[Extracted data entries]
-=-=-=-=-

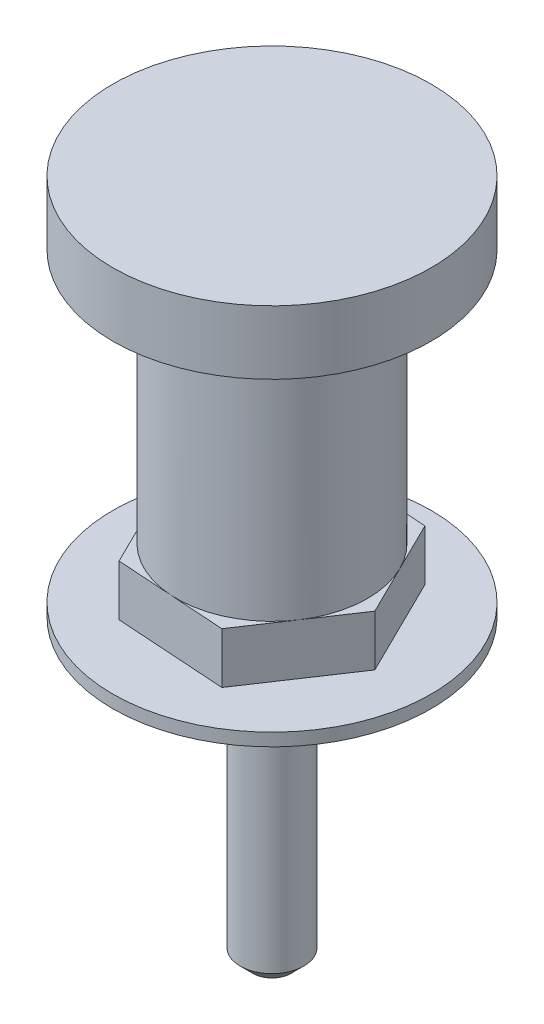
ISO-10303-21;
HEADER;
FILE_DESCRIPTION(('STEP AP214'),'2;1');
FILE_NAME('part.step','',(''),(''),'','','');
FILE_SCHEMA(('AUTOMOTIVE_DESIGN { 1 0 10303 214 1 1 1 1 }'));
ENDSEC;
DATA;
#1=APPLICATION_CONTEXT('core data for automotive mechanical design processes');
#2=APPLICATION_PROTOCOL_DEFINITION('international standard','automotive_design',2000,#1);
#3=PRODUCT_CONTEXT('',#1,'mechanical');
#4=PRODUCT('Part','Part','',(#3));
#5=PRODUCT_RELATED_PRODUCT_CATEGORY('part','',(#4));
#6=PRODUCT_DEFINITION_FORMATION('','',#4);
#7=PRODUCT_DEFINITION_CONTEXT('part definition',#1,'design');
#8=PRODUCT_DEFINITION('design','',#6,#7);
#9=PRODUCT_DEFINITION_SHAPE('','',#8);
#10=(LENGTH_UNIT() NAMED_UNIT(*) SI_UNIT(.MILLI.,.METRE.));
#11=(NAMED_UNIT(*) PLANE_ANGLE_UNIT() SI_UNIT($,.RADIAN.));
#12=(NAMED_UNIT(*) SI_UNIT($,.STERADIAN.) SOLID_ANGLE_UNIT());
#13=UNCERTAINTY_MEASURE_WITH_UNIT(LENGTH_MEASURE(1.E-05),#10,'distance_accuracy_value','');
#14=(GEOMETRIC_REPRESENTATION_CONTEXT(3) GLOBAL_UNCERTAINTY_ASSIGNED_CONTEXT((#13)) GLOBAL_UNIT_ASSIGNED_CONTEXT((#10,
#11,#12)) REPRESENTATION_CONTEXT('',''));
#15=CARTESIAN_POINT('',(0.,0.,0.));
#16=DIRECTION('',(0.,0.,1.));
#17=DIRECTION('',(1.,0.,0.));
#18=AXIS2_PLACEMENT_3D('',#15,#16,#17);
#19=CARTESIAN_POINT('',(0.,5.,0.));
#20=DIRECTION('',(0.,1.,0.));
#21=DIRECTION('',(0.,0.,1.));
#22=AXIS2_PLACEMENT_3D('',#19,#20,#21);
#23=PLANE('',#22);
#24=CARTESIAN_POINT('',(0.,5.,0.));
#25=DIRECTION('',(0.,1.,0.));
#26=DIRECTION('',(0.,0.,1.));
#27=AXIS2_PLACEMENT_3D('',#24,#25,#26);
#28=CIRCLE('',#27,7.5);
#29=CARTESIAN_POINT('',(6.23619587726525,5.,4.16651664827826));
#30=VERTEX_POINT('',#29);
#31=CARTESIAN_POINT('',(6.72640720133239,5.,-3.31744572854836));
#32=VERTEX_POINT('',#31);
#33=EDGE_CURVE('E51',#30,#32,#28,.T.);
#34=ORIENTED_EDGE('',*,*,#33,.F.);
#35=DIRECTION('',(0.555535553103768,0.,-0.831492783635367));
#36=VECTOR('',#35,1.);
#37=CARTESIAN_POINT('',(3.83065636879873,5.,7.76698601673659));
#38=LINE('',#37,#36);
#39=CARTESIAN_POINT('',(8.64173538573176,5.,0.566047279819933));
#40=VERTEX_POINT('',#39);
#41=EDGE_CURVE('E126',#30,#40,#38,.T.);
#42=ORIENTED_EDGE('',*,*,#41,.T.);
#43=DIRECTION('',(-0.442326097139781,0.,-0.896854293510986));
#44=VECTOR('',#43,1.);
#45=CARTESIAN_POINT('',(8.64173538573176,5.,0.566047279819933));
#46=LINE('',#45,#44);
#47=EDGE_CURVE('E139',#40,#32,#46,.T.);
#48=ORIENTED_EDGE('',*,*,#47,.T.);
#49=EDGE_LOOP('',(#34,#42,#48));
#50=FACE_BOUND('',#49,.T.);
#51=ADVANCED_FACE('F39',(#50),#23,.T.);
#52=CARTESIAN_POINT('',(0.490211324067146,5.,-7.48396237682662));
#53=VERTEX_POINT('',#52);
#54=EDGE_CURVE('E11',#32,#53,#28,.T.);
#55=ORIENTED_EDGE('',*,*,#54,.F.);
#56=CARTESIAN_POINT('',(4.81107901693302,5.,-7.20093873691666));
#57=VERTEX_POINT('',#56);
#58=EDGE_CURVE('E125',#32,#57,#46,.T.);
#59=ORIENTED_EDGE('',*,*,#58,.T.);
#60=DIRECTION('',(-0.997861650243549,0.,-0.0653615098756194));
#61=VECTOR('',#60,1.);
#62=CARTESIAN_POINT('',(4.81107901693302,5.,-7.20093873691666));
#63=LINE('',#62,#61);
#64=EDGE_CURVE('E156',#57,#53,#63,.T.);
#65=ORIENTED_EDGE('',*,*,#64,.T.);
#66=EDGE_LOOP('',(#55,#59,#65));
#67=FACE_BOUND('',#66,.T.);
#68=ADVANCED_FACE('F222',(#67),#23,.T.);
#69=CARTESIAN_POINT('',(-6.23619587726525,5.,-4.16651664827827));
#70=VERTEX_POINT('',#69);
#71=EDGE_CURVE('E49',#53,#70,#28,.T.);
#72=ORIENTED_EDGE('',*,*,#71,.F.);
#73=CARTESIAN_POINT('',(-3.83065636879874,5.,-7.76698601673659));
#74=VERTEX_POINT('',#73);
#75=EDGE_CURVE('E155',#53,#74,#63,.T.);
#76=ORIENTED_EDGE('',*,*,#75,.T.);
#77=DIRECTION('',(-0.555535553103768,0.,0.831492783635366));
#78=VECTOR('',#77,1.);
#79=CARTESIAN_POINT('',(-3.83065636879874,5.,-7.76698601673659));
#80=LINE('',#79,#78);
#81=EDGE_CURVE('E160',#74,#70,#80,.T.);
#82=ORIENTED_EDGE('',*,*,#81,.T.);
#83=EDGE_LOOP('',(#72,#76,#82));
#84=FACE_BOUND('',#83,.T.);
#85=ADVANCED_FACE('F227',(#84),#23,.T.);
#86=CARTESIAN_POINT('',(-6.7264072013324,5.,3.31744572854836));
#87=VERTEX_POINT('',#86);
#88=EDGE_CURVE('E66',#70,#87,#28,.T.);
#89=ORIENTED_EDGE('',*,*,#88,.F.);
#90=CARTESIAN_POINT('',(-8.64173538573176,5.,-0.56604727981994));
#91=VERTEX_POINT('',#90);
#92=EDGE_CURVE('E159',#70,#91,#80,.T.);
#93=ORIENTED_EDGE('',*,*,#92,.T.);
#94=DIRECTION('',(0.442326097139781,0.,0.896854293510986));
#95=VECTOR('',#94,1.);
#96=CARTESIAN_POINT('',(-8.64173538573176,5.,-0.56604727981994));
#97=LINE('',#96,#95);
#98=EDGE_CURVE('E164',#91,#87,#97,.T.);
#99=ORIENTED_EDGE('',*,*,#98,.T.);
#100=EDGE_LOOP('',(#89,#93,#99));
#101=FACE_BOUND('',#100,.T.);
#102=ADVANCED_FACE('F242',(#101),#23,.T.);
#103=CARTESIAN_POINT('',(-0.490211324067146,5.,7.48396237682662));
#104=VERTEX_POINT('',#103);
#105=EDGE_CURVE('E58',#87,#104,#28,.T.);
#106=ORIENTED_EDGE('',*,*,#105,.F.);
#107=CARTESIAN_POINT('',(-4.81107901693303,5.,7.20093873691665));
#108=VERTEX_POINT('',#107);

-=-=-=-=-

* **EXERCISE REQUIREMENTS**: The result should be an exact repetition of all the records. Drop the pictures.

* **WRITTEN SOLUTION**:
ISO-10303-21;
HEADER;
FILE_DESCRIPTION(('STEP AP214'),'2;1');
FILE_NAME('part.step','',(''),(''),'','','');
FILE_SCHEMA(('AUTOMOTIVE_DESIGN { 1 0 10303 214 1 1 1 1 }'));
ENDSEC;
DATA;
#1=APPLICATION_CONTEXT('core data for automotive mechanical design processes');
#2=APPLICATION_PROTOCOL_DEFINITION('international standard','automotive_design',2000,#1);
#3=PRODUCT_CONTEXT('',#1,'mechanical');
#4=PRODUCT('Part','Part','',(#3));
#5=PRODUCT_RELATED_PRODUCT_CATEGORY('part','',(#4));
#6=PRODUCT_DEFINITION_FORMATION('','',#4);
#7=PRODUCT_DEFINITION_CONTEXT('part definition',#1,'design');
#8=PRODUCT_DEFINITION('design','',#6,#7);
#9=PRODUCT_DEFINITION_SHAPE('','',#8);
#10=(LENGTH_UNIT() NAMED_UNIT(*) SI_UNIT(.MILLI.,.METRE.));
#11=(NAMED_UNIT(*) PLANE_ANGLE_UNIT() SI_UNIT($,.RADIAN.));
#12=(NAMED_UNIT(*) SI_UNIT($,.STERADIAN.) SOLID_ANGLE_UNIT());
#13=UNCERTAINTY_MEASURE_WITH_UNIT(LENGTH_MEASURE(1.E-05),#10,'distance_accuracy_value','');
#14=(GEOMETRIC_REPRESENTATION_CONTEXT(3) GLOBAL_UNCERTAINTY_ASSIGNED_CONTEXT((#13)) GLOBAL_UNIT_ASSIGNED_CONTEXT((#10,
#11,#12)) REPRESENTATION_CONTEXT('',''));
#15=CARTESIAN_POINT('',(0.,0.,0.));
#16=DIRECTION('',(0.,0.,1.));
#17=DIRECTION('',(1.,0.,0.));
#18=AXIS2_PLACEMENT_3D('',#15,#16,#17);
#19=CARTESIAN_POINT('',(0.,5.,0.));
#20=DIRECTION('',(0.,1.,0.));
#21=DIRECTION('',(0.,0.,1.));
#22=AXIS2_PLACEMENT_3D('',#19,#20,#21);
#23=PLANE('',#22);
#24=CARTESIAN_POINT('',(0.,5.,0.));
#25=DIRECTION('',(0.,1.,0.));
#26=DIRECTION('',(0.,0.,1.));
#27=AXIS2_PLACEMENT_3D('',#24,#25,#26);
#28=CIRCLE('',#27,7.5);
#29=CARTESIAN_POINT('',(6.23619587726525,5.,4.16651664827826));
#30=VERTEX_POINT('',#29);
#31=CARTESIAN_POINT('',(6.72640720133239,5.,-3.31744572854836));
#32=VERTEX_POINT('',#31);
#33=EDGE_CURVE('E51',#30,#32,#28,.T.);
#34=ORIENTED_EDGE('',*,*,#33,.F.);
#35=DIRECTION('',(0.555535553103768,0.,-0.831492783635367));
#36=VECTOR('',#35,1.);
#37=CARTESIAN_POINT('',(3.83065636879873,5.,7.76698601673659));
#38=LINE('',#37,#36);
#39=CARTESIAN_POINT('',(8.64173538573176,5.,0.566047279819933));
#40=VERTEX_POINT('',#39);
#41=EDGE_CURVE('E126',#30,#40,#38,.T.);
#42=ORIENTED_EDGE('',*,*,#41,.T.);
#43=DIRECTION('',(-0.442326097139781,0.,-0.896854293510986));
#44=VECTOR('',#43,1.);
#45=CARTESIAN_POINT('',(8.64173538573176,5.,0.566047279819933));
#46=LINE('',#45,#44);
#47=EDGE_CURVE('E139',#40,#32,#46,.T.);
#48=ORIENTED_EDGE('',*,*,#47,.T.);
#49=EDGE_LOOP('',(#34,#42,#48));
#50=FACE_BOUND('',#49,.T.);
#51=ADVANCED_FACE('F39',(#50),#23,.T.);
#52=CARTESIAN_POINT('',(0.490211324067146,5.,-7.48396237682662));
#53=VERTEX_POINT('',#52);
#54=EDGE_CURVE('E11',#32,#53,#28,.T.);
#55=ORIENTED_EDGE('',*,*,#54,.F.);
#56=CARTESIAN_POINT('',(4.81107901693302,5.,-7.20093873691666));
#57=VERTEX_POINT('',#56);
#58=EDGE_CURVE('E125',#32,#57,#46,.T.);
#59=ORIENTED_EDGE('',*,*,#58,.T.);
#60=DIRECTION('',(-0.997861650243549,0.,-0.0653615098756194));
#61=VECTOR('',#60,1.);
#62=CARTESIAN_POINT('',(4.81107901693302,5.,-7.20093873691666));
#63=LINE('',#62,#61);
#64=EDGE_CURVE('E156',#57,#53,#63,.T.);
#65=ORIENTED_EDGE('',*,*,#64,.T.);
#66=EDGE_LOOP('',(#55,#59,#65));
#67=FACE_BOUND('',#66,.T.);
#68=ADVANCED_FACE('F222',(#67),#23,.T.);
#69=CARTESIAN_POINT('',(-6.23619587726525,5.,-4.16651664827827));
#70=VERTEX_POINT('',#69);
#71=EDGE_CURVE('E49',#53,#70,#28,.T.);
#72=ORIENTED_EDGE('',*,*,#71,.F.);
#73=CARTESIAN_POINT('',(-3.83065636879874,5.,-7.76698601673659));
#74=VERTEX_POINT('',#73);
#75=EDGE_CURVE('E155',#53,#74,#63,.T.);
#76=ORIENTED_EDGE('',*,*,#75,.T.);
#77=DIRECTION('',(-0.555535553103768,0.,0.831492783635366));
#78=VECTOR('',#77,1.);
#79=CARTESIAN_POINT('',(-3.83065636879874,5.,-7.76698601673659));
#80=LINE('',#79,#78);
#81=EDGE_CURVE('E160',#74,#70,#80,.T.);
#82=ORIENTED_EDGE('',*,*,#81,.T.);
#83=EDGE_LOOP('',(#72,#76,#82));
#84=FACE_BOUND('',#83,.T.);
#85=ADVANCED_FACE('F227',(#84),#23,.T.);
#86=CARTESIAN_POINT('',(-6.7264072013324,5.,3.31744572854836));
#87=VERTEX_POINT('',#86);
#88=EDGE_CURVE('E66',#70,#87,#28,.T.);
#89=ORIENTED_EDGE('',*,*,#88,.F.);
#90=CARTESIAN_POINT('',(-8.64173538573176,5.,-0.56604727981994));
#91=VERTEX_POINT('',#90);
#92=EDGE_CURVE('E159',#70,#91,#80,.T.);
#93=ORIENTED_EDGE('',*,*,#92,.T.);
#94=DIRECTION('',(0.442326097139781,0.,0.896854293510986));
#95=VECTOR('',#94,1.);
#96=CARTESIAN_POINT('',(-8.64173538573176,5.,-0.56604727981994));
#97=LINE('',#96,#95);
#98=EDGE_CURVE('E164',#91,#87,#97,.T.);
#99=ORIENTED_EDGE('',*,*,#98,.T.);
#100=EDGE_LOOP('',(#89,#93,#99));
#101=FACE_BOUND('',#100,.T.);
#102=ADVANCED_FACE('F242',(#101),#23,.T.);
#103=CARTESIAN_POINT('',(-0.490211324067146,5.,7.48396237682662));
#104=VERTEX_POINT('',#103);
#105=EDGE_CURVE('E58',#87,#104,#28,.T.);
#106=ORIENTED_EDGE('',*,*,#105,.F.);
#107=CARTESIAN_POINT('',(-4.81107901693303,5.,7.20093873691665));
#108=VERTEX_POINT('',#107);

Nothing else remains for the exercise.